Gastronome

Lambwich   JAIMIE KIM PHOTOS

Lambwich
JAIMIE KIM PHOTOS

BEVY MARKET
675 Auahi St.
Honolulu, HI
Phone number (808) 594-7445
website bevyhawaii.com/bevymarket

It took absolutely no convincing from anyone to get me to walk over to SALT at Our Kakaako one recent lunchtime to check out Bevy Market.

You see, I’ve long been a fan of Bevy — the bar next door. The atmosphere there is always chill, the drinks are superb and the food is a few steps up from the usual bar fare. Bevy is sort of like having that one friend who is a little too cool for you, but manages to be totally genuine and down to earth, too.

Portobello sandwich

Portobello sandwich

It’s this slightly fancier-than-what-exists concept that also can be found at Bevy Market. There are no sandwich assembly lines or basic turkey-on-wheat creations here. No, what Bevy Market offers is a selection of hand-crafted sandwiches that, well, are much more refined.

There’s a Mortadella, made with Dijon, mortadella (Italian sausage), provolone and pickled onions served on a ciabatta roll. Or a Smoked Salmon Melt with smoked salmon rilette (a salmon spread made with sour cream and other seasonings) and smoked Gouda on rye bread. Or, what I thoroughly enjoyed: the Portobello, which was sandwiched between slices of avocado and topped with arugula, served on ciabatta bread. (Normal people able to process dairy can order it with mozzarella cheese as well.)

It was a flavorful sandwich, with hints of balsamic and a mushroom that was easy to bite into — none of those fraying edges you sometimes struggle with while eating a Portobello mushroom. The arugula added a hint of pepperiness, and the avocado was sweet and creamy.

Yes, I would order it again in a heartbeat.

Metro staff writer Paige Takeya journeyed with me that day and ordered the Lambwich — shaved lamb, anchovy aioli, watercress and pecorino atop a baguette, and thoroughly enjoyed her selection, too.

“I was expecting something heavy when I ordered the Lambwich, but I was surprised that it was instead light yet filling, with a rich anchovy flavor and tender meat,” she tells me. “The crusty bread was a good counterpoint to the meat, though it could’ve used a touch more garnishes. But it’s plain and hearty, as a Lambwich should be.”

Sandwiches at Bevy Market range from $9 to $12 and don’t include sides — though taro chips and roasted roots are available for an additional $4. It might be a little on the pricier side for a sandwich, but was completely worth it. Especially when the experience at Bevy Market was much like Bevy: laidback, delicious and memorable.

JAIMIE SAYS:

AL FRESCO Take advantage of tables outside and grab a chair
SERVICE So, so friendly
TIMES I’D LIKE TO RETURN Infinite

FOOD JAIMIE CAN’T EAT

As avid Gastronome readers may already know, I have a very sensitive stomach. So sensitive that within the past year, I’ve had to give up one of my greatest loves: dairy.
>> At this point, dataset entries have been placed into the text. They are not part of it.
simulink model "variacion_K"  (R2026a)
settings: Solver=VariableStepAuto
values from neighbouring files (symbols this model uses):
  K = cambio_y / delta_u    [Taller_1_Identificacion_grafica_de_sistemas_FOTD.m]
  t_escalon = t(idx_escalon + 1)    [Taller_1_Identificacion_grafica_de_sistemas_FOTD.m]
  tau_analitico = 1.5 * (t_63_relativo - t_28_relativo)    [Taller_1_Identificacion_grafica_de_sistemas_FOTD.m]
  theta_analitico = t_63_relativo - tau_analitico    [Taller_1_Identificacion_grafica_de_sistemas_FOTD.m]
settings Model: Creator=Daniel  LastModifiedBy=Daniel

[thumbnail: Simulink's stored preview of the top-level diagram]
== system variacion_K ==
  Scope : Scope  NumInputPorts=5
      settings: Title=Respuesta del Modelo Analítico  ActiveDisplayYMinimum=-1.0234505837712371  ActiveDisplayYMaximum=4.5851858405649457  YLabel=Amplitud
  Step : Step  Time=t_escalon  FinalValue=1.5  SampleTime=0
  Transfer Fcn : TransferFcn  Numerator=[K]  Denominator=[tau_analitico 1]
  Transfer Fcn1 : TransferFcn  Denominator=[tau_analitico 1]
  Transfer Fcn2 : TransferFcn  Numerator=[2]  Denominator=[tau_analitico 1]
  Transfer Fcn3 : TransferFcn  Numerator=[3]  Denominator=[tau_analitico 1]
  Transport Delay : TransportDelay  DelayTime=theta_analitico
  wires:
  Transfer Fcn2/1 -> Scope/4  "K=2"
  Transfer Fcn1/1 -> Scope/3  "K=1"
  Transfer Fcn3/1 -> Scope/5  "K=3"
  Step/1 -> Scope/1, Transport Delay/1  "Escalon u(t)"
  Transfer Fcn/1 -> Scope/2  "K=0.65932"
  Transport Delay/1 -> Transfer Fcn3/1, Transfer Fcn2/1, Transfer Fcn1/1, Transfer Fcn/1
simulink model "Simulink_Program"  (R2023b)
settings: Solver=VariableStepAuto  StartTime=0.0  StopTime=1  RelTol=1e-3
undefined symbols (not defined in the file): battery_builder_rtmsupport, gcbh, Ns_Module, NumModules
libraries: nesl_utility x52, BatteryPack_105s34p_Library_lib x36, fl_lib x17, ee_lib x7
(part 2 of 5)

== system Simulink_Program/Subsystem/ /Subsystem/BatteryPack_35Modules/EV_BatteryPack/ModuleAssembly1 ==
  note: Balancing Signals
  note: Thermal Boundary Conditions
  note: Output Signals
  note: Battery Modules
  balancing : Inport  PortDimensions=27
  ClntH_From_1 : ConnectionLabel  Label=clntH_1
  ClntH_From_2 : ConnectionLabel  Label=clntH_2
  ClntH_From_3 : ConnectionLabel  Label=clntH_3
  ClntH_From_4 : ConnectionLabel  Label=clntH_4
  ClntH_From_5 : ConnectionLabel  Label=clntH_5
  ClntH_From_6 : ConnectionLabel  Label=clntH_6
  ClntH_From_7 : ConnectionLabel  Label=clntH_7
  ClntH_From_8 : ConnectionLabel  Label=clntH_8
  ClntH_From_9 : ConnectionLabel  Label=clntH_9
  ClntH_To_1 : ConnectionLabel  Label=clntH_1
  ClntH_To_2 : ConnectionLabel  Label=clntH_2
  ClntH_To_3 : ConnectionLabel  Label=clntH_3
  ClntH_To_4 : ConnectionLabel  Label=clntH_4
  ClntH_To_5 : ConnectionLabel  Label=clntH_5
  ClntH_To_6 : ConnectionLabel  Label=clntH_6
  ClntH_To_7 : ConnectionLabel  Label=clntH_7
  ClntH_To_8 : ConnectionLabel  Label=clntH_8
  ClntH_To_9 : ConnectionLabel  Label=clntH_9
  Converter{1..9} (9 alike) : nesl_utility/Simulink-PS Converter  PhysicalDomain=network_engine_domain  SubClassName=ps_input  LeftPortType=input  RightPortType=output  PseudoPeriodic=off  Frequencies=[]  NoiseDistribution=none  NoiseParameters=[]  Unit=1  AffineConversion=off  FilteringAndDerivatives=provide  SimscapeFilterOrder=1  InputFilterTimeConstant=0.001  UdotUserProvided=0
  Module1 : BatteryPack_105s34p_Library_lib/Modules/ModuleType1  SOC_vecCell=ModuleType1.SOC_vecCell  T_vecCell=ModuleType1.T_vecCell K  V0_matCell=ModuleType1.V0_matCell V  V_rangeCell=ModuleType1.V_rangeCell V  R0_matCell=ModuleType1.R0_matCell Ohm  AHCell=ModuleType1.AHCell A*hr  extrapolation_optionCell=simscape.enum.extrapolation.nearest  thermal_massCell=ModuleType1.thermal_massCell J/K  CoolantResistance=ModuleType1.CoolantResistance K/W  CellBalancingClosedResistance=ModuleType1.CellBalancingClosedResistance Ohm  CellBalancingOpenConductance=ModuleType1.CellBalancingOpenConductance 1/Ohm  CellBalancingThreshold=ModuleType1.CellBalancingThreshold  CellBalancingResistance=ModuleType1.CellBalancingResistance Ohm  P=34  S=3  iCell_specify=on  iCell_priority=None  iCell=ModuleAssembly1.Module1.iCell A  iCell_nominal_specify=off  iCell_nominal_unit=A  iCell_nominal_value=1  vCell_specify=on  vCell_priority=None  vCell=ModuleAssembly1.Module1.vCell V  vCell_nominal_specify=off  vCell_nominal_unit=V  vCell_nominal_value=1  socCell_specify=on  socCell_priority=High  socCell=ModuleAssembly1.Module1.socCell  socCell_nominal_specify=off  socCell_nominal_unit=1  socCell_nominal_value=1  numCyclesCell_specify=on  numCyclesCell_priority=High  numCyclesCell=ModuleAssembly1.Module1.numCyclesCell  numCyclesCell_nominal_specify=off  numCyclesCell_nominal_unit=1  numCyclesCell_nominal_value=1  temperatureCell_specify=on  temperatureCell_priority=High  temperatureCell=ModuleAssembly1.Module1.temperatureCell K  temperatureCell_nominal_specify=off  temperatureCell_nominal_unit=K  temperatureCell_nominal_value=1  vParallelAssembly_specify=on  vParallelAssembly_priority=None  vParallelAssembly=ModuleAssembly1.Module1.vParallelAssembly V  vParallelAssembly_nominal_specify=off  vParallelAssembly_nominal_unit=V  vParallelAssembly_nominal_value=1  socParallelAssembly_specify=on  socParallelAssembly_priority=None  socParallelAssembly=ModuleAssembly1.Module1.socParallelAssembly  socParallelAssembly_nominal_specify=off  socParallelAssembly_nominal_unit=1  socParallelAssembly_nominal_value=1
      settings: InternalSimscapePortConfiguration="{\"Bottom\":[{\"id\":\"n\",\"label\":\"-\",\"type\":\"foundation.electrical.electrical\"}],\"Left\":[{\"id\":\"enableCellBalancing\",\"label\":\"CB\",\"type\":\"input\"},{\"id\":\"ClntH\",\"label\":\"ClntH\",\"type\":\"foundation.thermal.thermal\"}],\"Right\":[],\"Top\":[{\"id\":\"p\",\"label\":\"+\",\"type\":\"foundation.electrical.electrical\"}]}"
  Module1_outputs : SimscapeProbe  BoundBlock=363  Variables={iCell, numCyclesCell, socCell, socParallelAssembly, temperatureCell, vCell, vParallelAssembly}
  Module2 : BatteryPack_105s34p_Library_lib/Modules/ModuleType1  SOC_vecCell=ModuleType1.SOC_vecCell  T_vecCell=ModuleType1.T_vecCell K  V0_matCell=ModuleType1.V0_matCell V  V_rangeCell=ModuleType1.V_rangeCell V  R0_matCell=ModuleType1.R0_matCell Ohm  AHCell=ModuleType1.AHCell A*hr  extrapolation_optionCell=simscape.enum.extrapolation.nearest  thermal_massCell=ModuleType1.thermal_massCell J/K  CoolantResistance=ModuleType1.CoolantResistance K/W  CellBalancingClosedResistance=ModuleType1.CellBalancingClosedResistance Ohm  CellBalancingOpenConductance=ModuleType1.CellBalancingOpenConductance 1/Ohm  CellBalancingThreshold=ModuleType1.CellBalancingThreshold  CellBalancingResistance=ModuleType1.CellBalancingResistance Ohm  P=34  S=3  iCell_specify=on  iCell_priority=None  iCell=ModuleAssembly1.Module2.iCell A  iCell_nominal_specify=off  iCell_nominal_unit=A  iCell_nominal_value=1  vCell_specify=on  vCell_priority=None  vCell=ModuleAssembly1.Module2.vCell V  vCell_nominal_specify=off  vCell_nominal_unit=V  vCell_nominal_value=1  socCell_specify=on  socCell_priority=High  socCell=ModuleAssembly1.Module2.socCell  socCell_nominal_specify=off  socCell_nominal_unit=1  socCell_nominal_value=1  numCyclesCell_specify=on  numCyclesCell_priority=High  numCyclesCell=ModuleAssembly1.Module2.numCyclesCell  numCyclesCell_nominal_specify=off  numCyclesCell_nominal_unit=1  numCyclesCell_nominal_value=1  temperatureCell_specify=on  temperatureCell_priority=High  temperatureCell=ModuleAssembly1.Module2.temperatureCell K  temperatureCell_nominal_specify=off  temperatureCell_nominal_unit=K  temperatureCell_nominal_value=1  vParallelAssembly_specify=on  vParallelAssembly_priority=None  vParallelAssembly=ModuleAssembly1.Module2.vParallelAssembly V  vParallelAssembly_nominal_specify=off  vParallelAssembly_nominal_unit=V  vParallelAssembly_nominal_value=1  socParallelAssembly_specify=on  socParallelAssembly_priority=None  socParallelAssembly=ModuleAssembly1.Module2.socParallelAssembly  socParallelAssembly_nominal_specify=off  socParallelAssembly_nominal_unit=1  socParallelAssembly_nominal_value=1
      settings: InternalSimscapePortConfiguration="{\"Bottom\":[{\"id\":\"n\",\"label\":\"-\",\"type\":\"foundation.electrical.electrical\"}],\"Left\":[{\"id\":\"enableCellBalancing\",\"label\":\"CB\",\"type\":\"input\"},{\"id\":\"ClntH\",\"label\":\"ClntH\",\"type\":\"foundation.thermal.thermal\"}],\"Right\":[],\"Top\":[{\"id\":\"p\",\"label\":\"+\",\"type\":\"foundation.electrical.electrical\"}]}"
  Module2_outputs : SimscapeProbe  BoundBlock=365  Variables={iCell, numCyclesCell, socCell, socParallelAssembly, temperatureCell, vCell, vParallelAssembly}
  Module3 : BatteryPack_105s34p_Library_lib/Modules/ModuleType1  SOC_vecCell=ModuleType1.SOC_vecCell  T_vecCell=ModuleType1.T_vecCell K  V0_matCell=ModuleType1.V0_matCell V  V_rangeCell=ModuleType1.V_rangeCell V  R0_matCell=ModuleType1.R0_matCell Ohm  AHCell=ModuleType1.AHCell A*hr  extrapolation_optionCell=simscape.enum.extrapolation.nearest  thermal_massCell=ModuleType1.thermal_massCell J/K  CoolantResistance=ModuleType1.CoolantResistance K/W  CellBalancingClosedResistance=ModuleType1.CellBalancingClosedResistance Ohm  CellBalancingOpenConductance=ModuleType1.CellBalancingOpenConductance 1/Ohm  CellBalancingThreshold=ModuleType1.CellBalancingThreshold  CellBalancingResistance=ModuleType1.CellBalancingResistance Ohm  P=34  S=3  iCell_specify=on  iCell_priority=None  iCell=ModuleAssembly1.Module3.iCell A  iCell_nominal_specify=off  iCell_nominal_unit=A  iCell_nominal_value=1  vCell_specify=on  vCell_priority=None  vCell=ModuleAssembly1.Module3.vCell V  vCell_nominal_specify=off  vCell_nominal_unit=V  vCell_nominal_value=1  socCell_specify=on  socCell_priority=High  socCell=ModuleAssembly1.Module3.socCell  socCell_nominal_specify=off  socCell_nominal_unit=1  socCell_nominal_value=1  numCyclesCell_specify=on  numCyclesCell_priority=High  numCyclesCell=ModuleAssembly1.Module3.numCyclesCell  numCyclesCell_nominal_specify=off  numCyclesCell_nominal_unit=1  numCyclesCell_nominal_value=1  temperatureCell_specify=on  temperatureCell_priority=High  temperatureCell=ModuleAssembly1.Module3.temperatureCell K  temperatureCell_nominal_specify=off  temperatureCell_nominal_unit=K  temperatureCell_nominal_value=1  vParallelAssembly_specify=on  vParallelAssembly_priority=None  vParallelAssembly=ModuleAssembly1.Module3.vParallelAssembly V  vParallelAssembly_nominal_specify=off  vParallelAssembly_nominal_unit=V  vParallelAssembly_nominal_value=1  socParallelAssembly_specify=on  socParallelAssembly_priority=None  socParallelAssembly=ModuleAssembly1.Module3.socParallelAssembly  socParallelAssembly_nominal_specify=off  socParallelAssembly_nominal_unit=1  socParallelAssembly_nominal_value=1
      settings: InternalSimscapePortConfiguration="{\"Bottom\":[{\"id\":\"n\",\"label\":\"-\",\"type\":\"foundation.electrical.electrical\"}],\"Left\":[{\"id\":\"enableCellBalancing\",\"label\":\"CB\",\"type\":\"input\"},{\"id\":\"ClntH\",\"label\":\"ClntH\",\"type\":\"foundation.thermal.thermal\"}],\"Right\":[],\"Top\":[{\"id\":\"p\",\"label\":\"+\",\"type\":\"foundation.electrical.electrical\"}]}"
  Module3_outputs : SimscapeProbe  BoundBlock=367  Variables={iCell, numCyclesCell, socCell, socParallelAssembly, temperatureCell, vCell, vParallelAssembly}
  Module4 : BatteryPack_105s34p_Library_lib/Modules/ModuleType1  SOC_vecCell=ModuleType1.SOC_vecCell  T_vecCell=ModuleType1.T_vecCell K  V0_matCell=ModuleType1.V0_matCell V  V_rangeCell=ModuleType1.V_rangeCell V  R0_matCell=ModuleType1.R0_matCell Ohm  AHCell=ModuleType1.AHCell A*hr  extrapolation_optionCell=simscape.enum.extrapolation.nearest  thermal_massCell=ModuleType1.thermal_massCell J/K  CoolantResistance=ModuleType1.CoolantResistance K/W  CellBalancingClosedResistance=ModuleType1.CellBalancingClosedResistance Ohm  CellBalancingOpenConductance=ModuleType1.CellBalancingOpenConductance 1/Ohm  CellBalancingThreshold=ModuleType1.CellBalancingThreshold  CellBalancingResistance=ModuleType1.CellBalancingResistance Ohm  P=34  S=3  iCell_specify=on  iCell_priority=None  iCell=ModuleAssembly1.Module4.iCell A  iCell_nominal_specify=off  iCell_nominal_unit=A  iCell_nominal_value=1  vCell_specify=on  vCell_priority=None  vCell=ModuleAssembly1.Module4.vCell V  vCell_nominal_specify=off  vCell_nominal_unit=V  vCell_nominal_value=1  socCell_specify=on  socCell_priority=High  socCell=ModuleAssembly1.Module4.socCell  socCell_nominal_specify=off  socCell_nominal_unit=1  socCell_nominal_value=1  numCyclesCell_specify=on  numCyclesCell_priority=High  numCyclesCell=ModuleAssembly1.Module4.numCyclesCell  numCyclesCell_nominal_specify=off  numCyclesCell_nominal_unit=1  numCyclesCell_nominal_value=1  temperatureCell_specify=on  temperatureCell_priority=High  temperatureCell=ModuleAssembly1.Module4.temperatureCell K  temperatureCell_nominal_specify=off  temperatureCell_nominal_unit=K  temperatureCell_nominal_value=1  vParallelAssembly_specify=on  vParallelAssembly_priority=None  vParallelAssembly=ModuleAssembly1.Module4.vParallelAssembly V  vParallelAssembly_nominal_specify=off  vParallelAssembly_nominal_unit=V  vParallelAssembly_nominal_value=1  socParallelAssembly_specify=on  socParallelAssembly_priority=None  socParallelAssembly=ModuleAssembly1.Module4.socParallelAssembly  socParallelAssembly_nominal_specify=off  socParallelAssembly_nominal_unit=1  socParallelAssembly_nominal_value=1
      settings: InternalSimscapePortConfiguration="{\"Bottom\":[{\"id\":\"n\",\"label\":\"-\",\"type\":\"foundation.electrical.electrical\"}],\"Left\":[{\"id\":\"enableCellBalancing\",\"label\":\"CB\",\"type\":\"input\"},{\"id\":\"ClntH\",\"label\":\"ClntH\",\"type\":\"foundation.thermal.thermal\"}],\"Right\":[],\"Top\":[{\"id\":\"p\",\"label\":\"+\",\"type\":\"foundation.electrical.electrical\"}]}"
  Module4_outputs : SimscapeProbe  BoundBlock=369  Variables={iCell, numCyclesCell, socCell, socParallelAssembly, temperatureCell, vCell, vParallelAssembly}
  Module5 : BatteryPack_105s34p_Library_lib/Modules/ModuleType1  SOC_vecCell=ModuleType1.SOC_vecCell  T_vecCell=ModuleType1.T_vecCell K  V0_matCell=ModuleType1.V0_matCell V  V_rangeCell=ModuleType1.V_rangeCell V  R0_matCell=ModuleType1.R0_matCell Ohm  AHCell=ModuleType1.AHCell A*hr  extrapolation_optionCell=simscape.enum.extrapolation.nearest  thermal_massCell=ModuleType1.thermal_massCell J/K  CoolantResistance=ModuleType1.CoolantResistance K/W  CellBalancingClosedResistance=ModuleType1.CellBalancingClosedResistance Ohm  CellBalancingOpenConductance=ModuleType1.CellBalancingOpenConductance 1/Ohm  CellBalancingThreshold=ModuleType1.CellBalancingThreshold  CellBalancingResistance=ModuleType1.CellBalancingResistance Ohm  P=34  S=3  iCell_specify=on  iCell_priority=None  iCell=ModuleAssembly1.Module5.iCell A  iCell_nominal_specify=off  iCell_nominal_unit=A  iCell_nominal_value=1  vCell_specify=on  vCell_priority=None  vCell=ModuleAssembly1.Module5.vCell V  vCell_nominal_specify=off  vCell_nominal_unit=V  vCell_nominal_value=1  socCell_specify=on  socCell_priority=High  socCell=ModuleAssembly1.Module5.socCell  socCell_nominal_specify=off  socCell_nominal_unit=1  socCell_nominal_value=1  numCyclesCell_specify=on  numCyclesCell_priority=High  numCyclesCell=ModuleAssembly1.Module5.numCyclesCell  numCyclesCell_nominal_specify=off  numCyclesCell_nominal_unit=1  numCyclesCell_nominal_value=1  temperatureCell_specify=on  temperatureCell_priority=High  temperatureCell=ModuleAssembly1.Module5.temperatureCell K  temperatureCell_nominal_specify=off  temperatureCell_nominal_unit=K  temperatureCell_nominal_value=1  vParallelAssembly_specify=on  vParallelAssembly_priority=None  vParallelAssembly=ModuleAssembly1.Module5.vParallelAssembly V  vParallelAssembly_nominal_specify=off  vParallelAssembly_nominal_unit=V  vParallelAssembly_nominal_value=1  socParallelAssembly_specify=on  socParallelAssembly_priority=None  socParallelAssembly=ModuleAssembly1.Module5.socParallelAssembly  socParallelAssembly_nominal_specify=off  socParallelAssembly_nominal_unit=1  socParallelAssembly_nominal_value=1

Well, it’s all reached a climax, folks, because after meeting with my primary care doctor, he sent me on my way to a gastroenterologist, who recommended I try a diet and keep a food journal. Not so bad, you say? Wrong.

I can’t eat much of anything — for the next six weeks, at least. After that, I get to reintroduce things I love, with caution. It’s all part of this thing called a low-FODMAP diet .

Relegated to specific vegetables, fruits, and gluten-free breads and cereals, it at least has made me a little more creative with what I’m eating. (Although, I am so hungry right now I can’t even.)

Fear not, Gastronome still will be here to entertain — who said food is only about what you eat? There is a whole world of food-related books, movies, local chefs and other assortments we’ve yet to explore.

So sit back, relax and maybe if you know of any low-FODMAP-friendly recipes, please, please shoot me an email. I am starving.

FOOD JAIMIE WANTS TO EAT

Before deciding to cure my stomach, I did manage to sneak in a few solid last meals. One of them: A trip back to Piggy Smalls, this time armed with more than enough Lactaid.

Metro-012017-Gastronome-Sidebar-Piggy-Smalls

As such, I ended my meal with the Milk & Honey — and oh, it is a good memory to have during these troubling times.

It was a beautiful creation, really. I had to take a reverent moment of silence before digging in. The Milk & Honey is an incredibly decadent dessert that features a fat slice of sponge cake soaked in four different kinds of milk, then topped with honeycomb candy, locally sourced bee pollen, whipped Frangelico and edible flowers.

Seriously, once this strict diet ends and my body readjusts to normal foods, Piggy Smalls is one of my first stops.